In order to perform these two tasks, two new surface defect detection datasets, named “TJ-CE-CLS” and “TJ-CE-DET”, are construed in this paper. The TJ-CE-CLS dataset includes 317 images, i.e., 229 samples in the defective class and 88 samples in the defect-free class. The TJ-CE-DET dataset includes 229 images containing of 384 defects, i.e., 131 samples in the extrusion class, 85 samples in the crack class, and 168 samples in the pitted-surface class.
Copper elbow defect images were collected from a copper elbow manufacturer.
Some samples of copper elbow are shown in Figure 5. The defect images are RGB images, with a scale of 2456 × 2048. There are three major defects on the copper elbow surface, i.e., extrusion, crack, and pitted-surface.
3.2. A View of Results
YOT-Net was implemented on the open source deep learning toolbox TensorFlow [39]. The model runs on a NVIDIA GTX 1080TI GPU (with 11GB memory) with Ubuntu 18.04 Linux.
Transfer learning was introduced in the training pipeline. The proposed model was pretrained on the COCO dataset and then trained on the TJ-CE-CLS and TJ-CE-DET datasets. YOT-Net was trained with a learning rate of 0.00001, weight decay of 0.9995, and momentum of 0.9. The exponential moving average was applied to the training process, which makes the model more robust. The leaky ReLU function was selected as the activation function.
For comparison, SSD, Faster R-CNN, YOLOv3, and YOT-Net were carried out on the same dataset, as shown in Figure 6, and the detection results are given in columns 2 to 5. The first column are the ground truth defects. It’s clear that SSD and Faster R-CNN got higher scores than YOLOv3 and YOT-Net, but they are more likely to make mistakes. Take the first image of the third column as an example. There is only one crack defect on the image, but Faster R-CNN predicts three defects, one crack defect, and two extrusion defects. This mistake will lead to a high false negative rate, and make more normal copper elbows to be classified into the defect group. YOT-Net shows more robustness.

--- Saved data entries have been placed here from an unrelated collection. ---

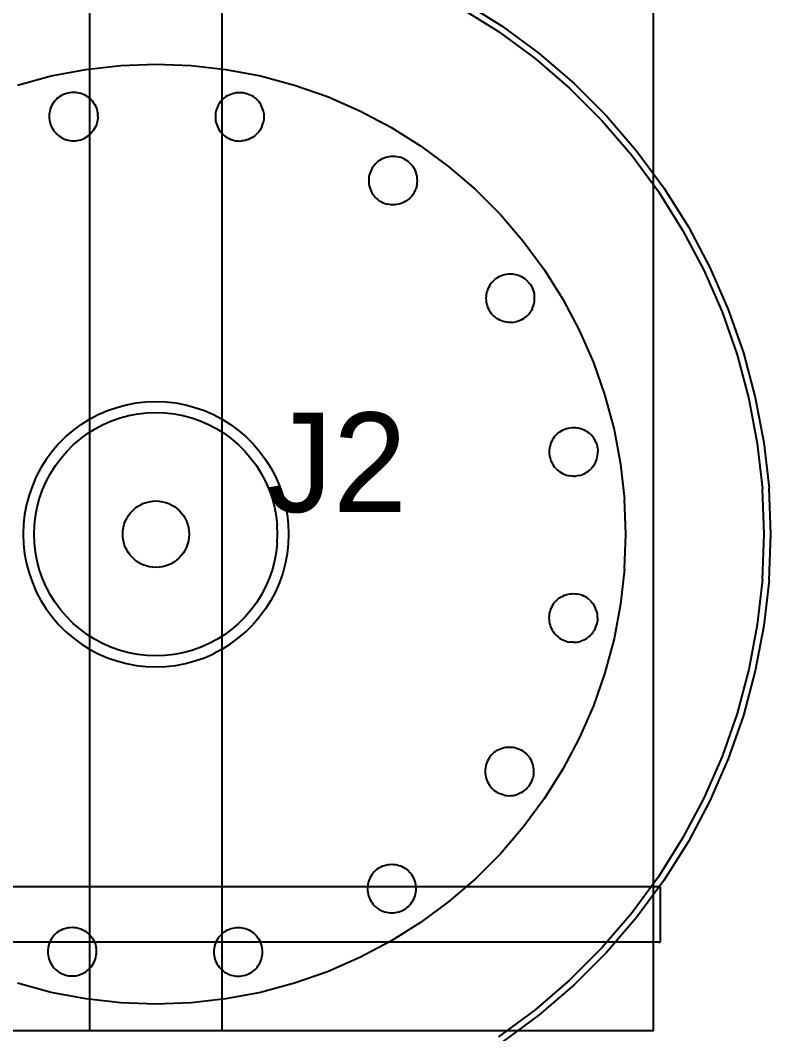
# Model space of a CAD drawing. Header units: millimetres. Extents: x -180 to 1414, y -663 to 972.
# Drawn here: x -12.3 to 55.6, y 124.8 to 216.5 of the extents above; entities that cross this region are included whole.
import ezdxf

# ---------------------------------------------------------------- set-up
doc = ezdxf.new("R2010")
doc.units = ezdxf.units.MM
doc.layers.add('AXIS_CENTRES', color=4, linetype='Continuous')
doc.layers.add('FRONT', color=8, linetype='Continuous')

msp = doc.modelspace()

# ---------------------------------------------------------------- linework, layer by layer
at = {"layer": 'AXIS_CENTRES'}
msp.add_circle((0, 170), 3, dxfattribs=at)
at = {"layer": 'FRONT'}
for p, q in [((-6, 222.5), (-6, 125.1)), ((6, 125.1), (6, 222.5)), ((45, 125.1), (45, 222.5)), ((27.8, 218.151), (31.321, 215.939)), ((27.5, 217.631), (30.983, 215.443)), ((27.5, 217.631), (30.983, 215.443)), ((30.983, 215.443), (34.292, 213.001)), ((30.983, 215.443), (34.292, 213.001)), ((31.321, 215.939), (34.666, 213.47)), ((34.292, 213.001), (37.41, 210.318)), ((34.292, 213.001), (37.41, 210.318)), ((34.666, 213.47), (37.818, 210.758)), ((-9.457, 211.434), (-6.334, 212.025)), ((-6.334, 212.025), (-3.176, 212.381)), ((-3.176, 212.381), (0, 212.5)), ((0, 212.5), (3.176, 212.381)), ((3.176, 212.381), (6.334, 212.025)), ((6.334, 212.025), (9.457, 211.434)), ((-12.527, 210.612), (-9.457, 211.434)), ((9.457, 211.434), (12.527, 210.612)), ((-8.25, 209.821), (-8.094, 209.875)), ((-8.094, 209.875), (-7.935, 209.918)), ((-7.935, 209.918), (-7.774, 209.949)), ((-7.774, 209.949), (-7.61, 209.967)), ((-7.61, 209.967), (-7.446, 209.973)), ((-7.446, 209.973), (-7.281, 209.967)), ((-7.281, 209.967), (-7.118, 209.949)), ((-7.118, 209.949), (-6.956, 209.918)), ((-6.956, 209.918), (-6.797, 209.875)), ((-6.797, 209.875), (-6.642, 209.821)), ((6.928, 209.85), (7.086, 209.892)), ((7.086, 209.892), (7.248, 209.923)), ((7.248, 209.923), (7.412, 209.941)), ((7.412, 209.941), (7.576, 209.947)), ((7.576, 209.947), (7.74, 209.941)), ((7.74, 209.941), (7.904, 209.923)), ((7.904, 209.923), (8.066, 209.892)), ((8.066, 209.892), (8.224, 209.85)), ((12.527, 210.612), (15.527, 209.562)), ((37.41, 210.318), (40.318, 207.41)), ((37.41, 210.318), (40.318, 207.41)), ((37.818, 210.758), (40.758, 207.818)), ((-9.264, 209.012), (-9.351, 208.873)), ((-9.166, 209.145), (-9.264, 209.012)), ((-9.059, 209.27), (-9.166, 209.145)), ((-9.059, 209.27), (-8.942, 209.386)), ((-8.942, 209.386), (-8.818, 209.493)), ((-8.818, 209.493), (-8.685, 209.591)), ((-8.685, 209.591), (-8.546, 209.678)), ((-8.546, 209.678), (-8.4, 209.755)), ((-8.4, 209.755), (-8.25, 209.821)), ((-6.642, 209.821), (-6.491, 209.755)), ((-6.491, 209.755), (-6.346, 209.678)), ((-6.346, 209.678), (-6.207, 209.591)), ((-6.207, 209.591), (-6.074, 209.493)), ((-6.074, 209.493), (-5.95, 209.386)), ((-5.95, 209.386), (-5.833, 209.27)), ((-5.833, 209.27), (-5.726, 209.145)), ((-5.726, 209.145), (-5.628, 209.012)), ((-5.628, 209.012), (-5.541, 208.873)), ((5.758, 208.987), (5.671, 208.847)), ((5.856, 209.119), (5.758, 208.987)), ((5.963, 209.244), (5.856, 209.119)), ((6.08, 209.36), (5.963, 209.244)), ((6.08, 209.36), (6.204, 209.467)), ((6.204, 209.467), (6.337, 209.565)), ((6.337, 209.565), (6.476, 209.652)), ((6.476, 209.652), (6.621, 209.729)), ((6.621, 209.729), (6.772, 209.795)), ((6.772, 209.795), (6.928, 209.85)), ((8.224, 209.85), (8.38, 209.795)), ((8.38, 209.795), (8.531, 209.729)), ((8.531, 209.729), (8.676, 209.652)), ((8.676, 209.652), (8.815, 209.565)), ((8.815, 209.565), (8.948, 209.467)), ((8.948, 209.467), (9.072, 209.36)), ((9.072, 209.36), (9.189, 209.244)), ((9.189, 209.244), (9.296, 209.119)), ((9.296, 209.119), (9.394, 208.987)), ((9.481, 208.847), (9.394, 208.987)), ((15.527, 209.562), (18.44, 208.291)), ((-9.621, 208.101), (-9.64, 207.938)), ((-9.591, 208.263), (-9.621, 208.101)), ((-9.548, 208.422), (-9.591, 208.263)), ((-9.494, 208.577), (-9.548, 208.422)), ((-9.428, 208.728), (-9.494, 208.577)), ((-9.351, 208.873), (-9.428, 208.728)), ((-5.541, 208.873), (-5.464, 208.728)), ((-5.464, 208.728), (-5.398, 208.577)), ((-5.398, 208.577), (-5.344, 208.422)), ((-5.344, 208.422), (-5.301, 208.263)), ((-5.301, 208.263), (-5.27, 208.101)), ((-5.27, 208.101), (-5.252, 207.938)), ((5.401, 208.075), (5.382, 207.912)), ((5.431, 208.237), (5.401, 208.075)), ((5.474, 208.396), (5.431, 208.237)), ((5.528, 208.551), (5.474, 208.396)), ((5.594, 208.702), (5.528, 208.551)), ((5.671, 208.847), (5.594, 208.702)), ((9.558, 208.702), (9.481, 208.847)), ((9.624, 208.551), (9.558, 208.702)), ((9.678, 208.396), (9.624, 208.551)), ((9.721, 208.237), (9.678, 208.396)), ((9.751, 208.075), (9.721, 208.237)), ((9.751, 208.075), (9.77, 207.912)), ((18.44, 208.291), (21.25, 206.806)), ((-9.64, 207.938), (-9.646, 207.773)), ((-9.646, 207.773), (-9.64, 207.609)), ((-9.64, 207.609), (-9.621, 207.445)), ((-9.621, 207.445), (-9.591, 207.284)), ((-9.591, 207.284), (-9.548, 207.125)), ((-9.548, 207.125), (-9.494, 206.969)), ((-5.344, 207.125), (-5.398, 206.969)), ((-5.301, 207.284), (-5.344, 207.125)), ((-5.27, 207.445), (-5.301, 207.284)), ((-5.252, 207.609), (-5.27, 207.445)), ((-5.246, 207.773), (-5.252, 207.938)), ((-5.246, 207.773), (-5.252, 207.609)), ((5.382, 207.912), (5.376, 207.747)), ((5.376, 207.747), (5.382, 207.583)), ((5.382, 207.583), (5.401, 207.419)), ((5.401, 207.419), (5.431, 207.258)), ((5.431, 207.258), (5.474, 207.099)), ((9.678, 207.099), (9.721, 207.258)), ((9.721, 207.258), (9.751, 207.419)), ((9.77, 207.583), (9.751, 207.419)), ((9.77, 207.912), (9.776, 207.747)), ((9.776, 207.747), (9.77, 207.583)), ((40.318, 207.41), (43.001, 204.292)), ((40.318, 207.41), (43.001, 204.292)), ((40.758, 207.818), (43.47, 204.666)), ((-9.494, 206.969), (-9.428, 206.819)), ((-9.428, 206.819), (-9.351, 206.673)), ((-9.351, 206.673), (-9.264, 206.534)), ((-9.264, 206.534), (-9.166, 206.401)), ((-9.166, 206.401), (-9.059, 206.277)), ((-9.059, 206.277), (-8.942, 206.16)), ((-5.833, 206.277), (-5.95, 206.16)), ((-5.726, 206.401), (-5.833, 206.277)), ((-5.628, 206.534), (-5.726, 206.401)), ((-5.541, 206.673), (-5.628, 206.534)), ((-5.464, 206.819), (-5.541, 206.673)), ((-5.398, 206.969), (-5.464, 206.819)), ((5.474, 207.099), (5.528, 206.943)), ((5.528, 206.943), (5.594, 206.793)), ((5.594, 206.793), (5.671, 206.647)), ((5.671, 206.647), (5.758, 206.508)), ((5.758, 206.508), (5.856, 206.376)), ((5.856, 206.376), (5.963, 206.251)), ((5.963, 206.251), (6.08, 206.135)), ((9.189, 206.251), (9.072, 206.135)), ((9.296, 206.376), (9.189, 206.251)), ((9.394, 206.508), (9.296, 206.376)), ((9.481, 206.647), (9.394, 206.508)), ((9.558, 206.793), (9.481, 206.647)), ((9.624, 206.943), (9.558, 206.793)), ((9.624, 206.943), (9.678, 207.099)), ((21.25, 206.806), (23.941, 205.115)), ((-8.942, 206.16), (-8.818, 206.053)), ((-8.818, 206.053), (-8.685, 205.955)), ((-8.685, 205.955), (-8.546, 205.868)), ((-8.546, 205.868), (-8.4, 205.791)), ((-8.4, 205.791), (-8.25, 205.725)), ((-8.25, 205.725), (-8.094, 205.671)), ((-8.094, 205.671), (-7.935, 205.628)), ((-7.935, 205.628), (-7.774, 205.598)), ((-7.774, 205.598), (-7.61, 205.579)), ((-7.61, 205.579), (-7.446, 205.573)), ((-7.446, 205.573), (-7.281, 205.579)), ((-7.281, 205.579), (-7.118, 205.598)), ((-7.118, 205.598), (-6.956, 205.628)), ((-6.956, 205.628), (-6.797, 205.671)), ((-6.797, 205.671), (-6.642, 205.725)), ((-6.642, 205.725), (-6.491, 205.791)), ((-6.346, 205.868), (-6.491, 205.791)), ((-6.207, 205.955), (-6.346, 205.868)), ((-6.074, 206.053), (-6.207, 205.955)), ((-5.95, 206.16), (-6.074, 206.053)), ((6.08, 206.135), (6.204, 206.027)), ((6.204, 206.027), (6.337, 205.93)), ((6.337, 205.93), (6.476, 205.842)), ((6.476, 205.842), (6.621, 205.765)), ((6.621, 205.765), (6.772, 205.699)), ((6.772, 205.699), (6.928, 205.645)), ((6.928, 205.645), (7.086, 205.602)), ((7.086, 205.602), (7.248, 205.572)), ((7.248, 205.572), (7.412, 205.553)), ((7.412, 205.553), (7.576, 205.547)), ((7.576, 205.547), (7.74, 205.553)), ((7.904, 205.572), (7.74, 205.553)), ((8.066, 205.602), (7.904, 205.572)), ((8.224, 205.645), (8.066, 205.602)), ((8.38, 205.699), (8.224, 205.645)), ((8.531, 205.765), (8.38, 205.699)), ((8.676, 205.842), (8.531, 205.765)), ((8.815, 205.93), (8.676, 205.842)), ((8.948, 206.027), (8.815, 205.93)), ((9.072, 206.135), (8.948, 206.027)), ((23.941, 205.115), (26.498, 203.228)), ((43.47, 204.666), (45.939, 201.321)), ((19.832, 203.471), (19.725, 203.346)), ((19.948, 203.587), (19.832, 203.471)), ((19.948, 203.587), (20.073, 203.695)), ((20.073, 203.695), (20.205, 203.792)), ((20.205, 203.792), (20.345, 203.88)), ((20.345, 203.88), (20.49, 203.957)), ((20.49, 203.957), (20.641, 204.023)), ((20.641, 204.023), (20.796, 204.077)), ((20.796, 204.077), (20.955, 204.12)), ((20.955, 204.12), (21.117, 204.15)), ((21.117, 204.15), (21.28, 204.169)), ((21.28, 204.169), (21.445, 204.175)), ((21.445, 204.175), (21.609, 204.169)), ((21.609, 204.169), (21.772, 204.15)), ((21.772, 204.15), (21.934, 204.12)), ((21.934, 204.12), (22.093, 204.077)), ((22.248, 204.023), (22.093, 204.077)), ((22.399, 203.957), (22.248, 204.023)), ((22.399, 203.957), (22.545, 203.88)), ((22.545, 203.88), (22.684, 203.792)), ((22.684, 203.792), (22.816, 203.695)), ((22.816, 203.695), (22.941, 203.587)), ((22.941, 203.587), (23.057, 203.471)), ((23.057, 203.471), (23.165, 203.346)), ((43.001, 204.292), (45.443, 200.983)), ((43.001, 204.292), (45.443, 200.983)), ((19.342, 202.623), (19.3, 202.464)), ((19.397, 202.778), (19.342, 202.623)), ((19.462, 202.929), (19.397, 202.778)), ((19.539, 203.075), (19.462, 202.929)), ((19.627, 203.214), (19.539, 203.075)), ((19.725, 203.346), (19.627, 203.214)), ((23.165, 203.346), (23.262, 203.214)), ((23.262, 203.214), (23.35, 203.075)), ((23.35, 203.075), (23.427, 202.929)), ((23.427, 202.929), (23.493, 202.778)), ((23.547, 202.623), (23.493, 202.778)), ((23.589, 202.464), (23.547, 202.623)), ((26.498, 203.228), (28.907, 201.155)), ((19.251, 202.139), (19.245, 201.975)), ((19.245, 201.975), (19.251, 201.81)), ((19.269, 202.303), (19.251, 202.139)), ((19.251, 201.81), (19.269, 201.647)), ((19.3, 202.464), (19.269, 202.303)), ((19.269, 201.647), (19.3, 201.485)), ((23.62, 202.303), (23.589, 202.464)), ((23.589, 201.485), (23.62, 201.647)), ((23.638, 202.139), (23.62, 202.303)), ((23.62, 201.647), (23.638, 201.81)), ((23.645, 201.975), (23.638, 202.139)), ((23.638, 201.81), (23.645, 201.975)), ((19.3, 201.485), (19.342, 201.326)), ((19.342, 201.326), (19.397, 201.171)), ((19.397, 201.171), (19.462, 201.02)), ((19.462, 201.02), (19.539, 200.875)), ((19.539, 200.875), (19.627, 200.735)), ((19.627, 200.735), (19.725, 200.603)), ((23.165, 200.603), (23.262, 200.735)), ((23.262, 200.735), (23.35, 200.875)), ((23.35, 200.875), (23.427, 201.02)), ((23.427, 201.02), (23.493, 201.171)), ((23.547, 201.326), (23.493, 201.171)), ((23.589, 201.485), (23.547, 201.326)), ((28.907, 201.155), (31.155, 198.907)), ((45.443, 200.983), (47.631, 197.5)), ((45.443, 200.983), (47.631, 197.5)), ((45.939, 201.321), (48.151, 197.8)), ((19.725, 200.603), (19.832, 200.478)), ((19.832, 200.478), (19.948, 200.362)), ((19.948, 200.362), (20.073, 200.255)), ((20.073, 200.255), (20.205, 200.157)), ((20.205, 200.157), (20.345, 200.069)), ((20.345, 200.069), (20.49, 199.993)), ((20.49, 199.993), (20.641, 199.927)), ((20.641, 199.927), (20.796, 199.872)), ((20.796, 199.872), (20.955, 199.83)), ((21.117, 199.799), (20.955, 199.83)), ((21.28, 199.781), (21.117, 199.799)), ((21.445, 199.775), (21.28, 199.781)), ((21.609, 199.781), (21.445, 199.775)), ((21.772, 199.799), (21.609, 199.781)), ((21.934, 199.83), (21.772, 199.799)), ((22.093, 199.872), (21.934, 199.83)), ((22.248, 199.927), (22.093, 199.872)), ((22.399, 199.993), (22.248, 199.927)), ((22.545, 200.069), (22.399, 199.993)), ((22.684, 200.157), (22.545, 200.069)), ((22.816, 200.255), (22.684, 200.157)), ((22.941, 200.362), (22.816, 200.255)), ((23.057, 200.478), (22.941, 200.362)), ((23.057, 200.478), (23.165, 200.603)), ((31.155, 198.907), (33.228, 196.498)), ((47.631, 197.5), (49.553, 193.864)), ((47.631, 197.5), (49.553, 193.864)), ((48.151, 197.8), (50.094, 194.124)), ((33.228, 196.498), (35.115, 193.941)), ((31.094, 193.316), (31.245, 193.382)), ((31.245, 193.382), (31.4, 193.437)), ((31.4, 193.437), (31.559, 193.479)), ((31.559, 193.479), (31.72, 193.51)), ((31.72, 193.51), (31.884, 193.528)), ((31.884, 193.528), (32.048, 193.534)), ((32.048, 193.534), (32.213, 193.528)), ((32.213, 193.528), (32.376, 193.51)), ((32.376, 193.51), (32.538, 193.479)), ((32.538, 193.479), (32.697, 193.437)), ((32.697, 193.437), (32.852, 193.382)), ((32.852, 193.382), (33.003, 193.316)), ((35.115, 193.941), (36.806, 191.25)), ((49.553, 193.864), (51.198, 190.094)), ((49.553, 193.864), (51.198, 190.094)), ((50.094, 194.124), (51.757, 190.313)), ((30.231, 192.574), (30.143, 192.434)), ((30.328, 192.706), (30.231, 192.574)), ((30.436, 192.831), (30.328, 192.706)), ((30.436, 192.831), (30.552, 192.947)), ((30.552, 192.947), (30.677, 193.054)), ((30.677, 193.054), (30.809, 193.152)), ((30.809, 193.152), (30.948, 193.24)), ((30.948, 193.24), (31.094, 193.316)), ((33.003, 193.316), (33.148, 193.24)), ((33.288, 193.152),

3.3. Performance Evaluation
3.3.1. Evaluation Metrics
Accuracy, precision, recall, F1 score, false positive rate (FPR), false negative rate (FNR), and mean average precision (mAP) were employed to evaluate the performance of YOT-Net.
3.3.2. Comparisons with the Other Classification Methods
Experiments were conducted on the TJ-CE-CLS dataset to compare the proposed model with some popular classification methods, including Bayesian [9], KNN [10], SVM [12], AlexNet [16], DenseNet [20], VGG [17], ResNeXt [40], as shown in Table 1 and Table 2.
Table 1 shows that YOT-Net outperforms the traditional machine learning methods. The defects of copper elbow in the dataset are quite challenging. For example, extrusion in the defect image is hard to classify for traditional methods and are sensitive to the illumination in the image. In addition, traditional methods feature extraction abilities that are inferior to deep learning methods, especially in the domain of computer vision.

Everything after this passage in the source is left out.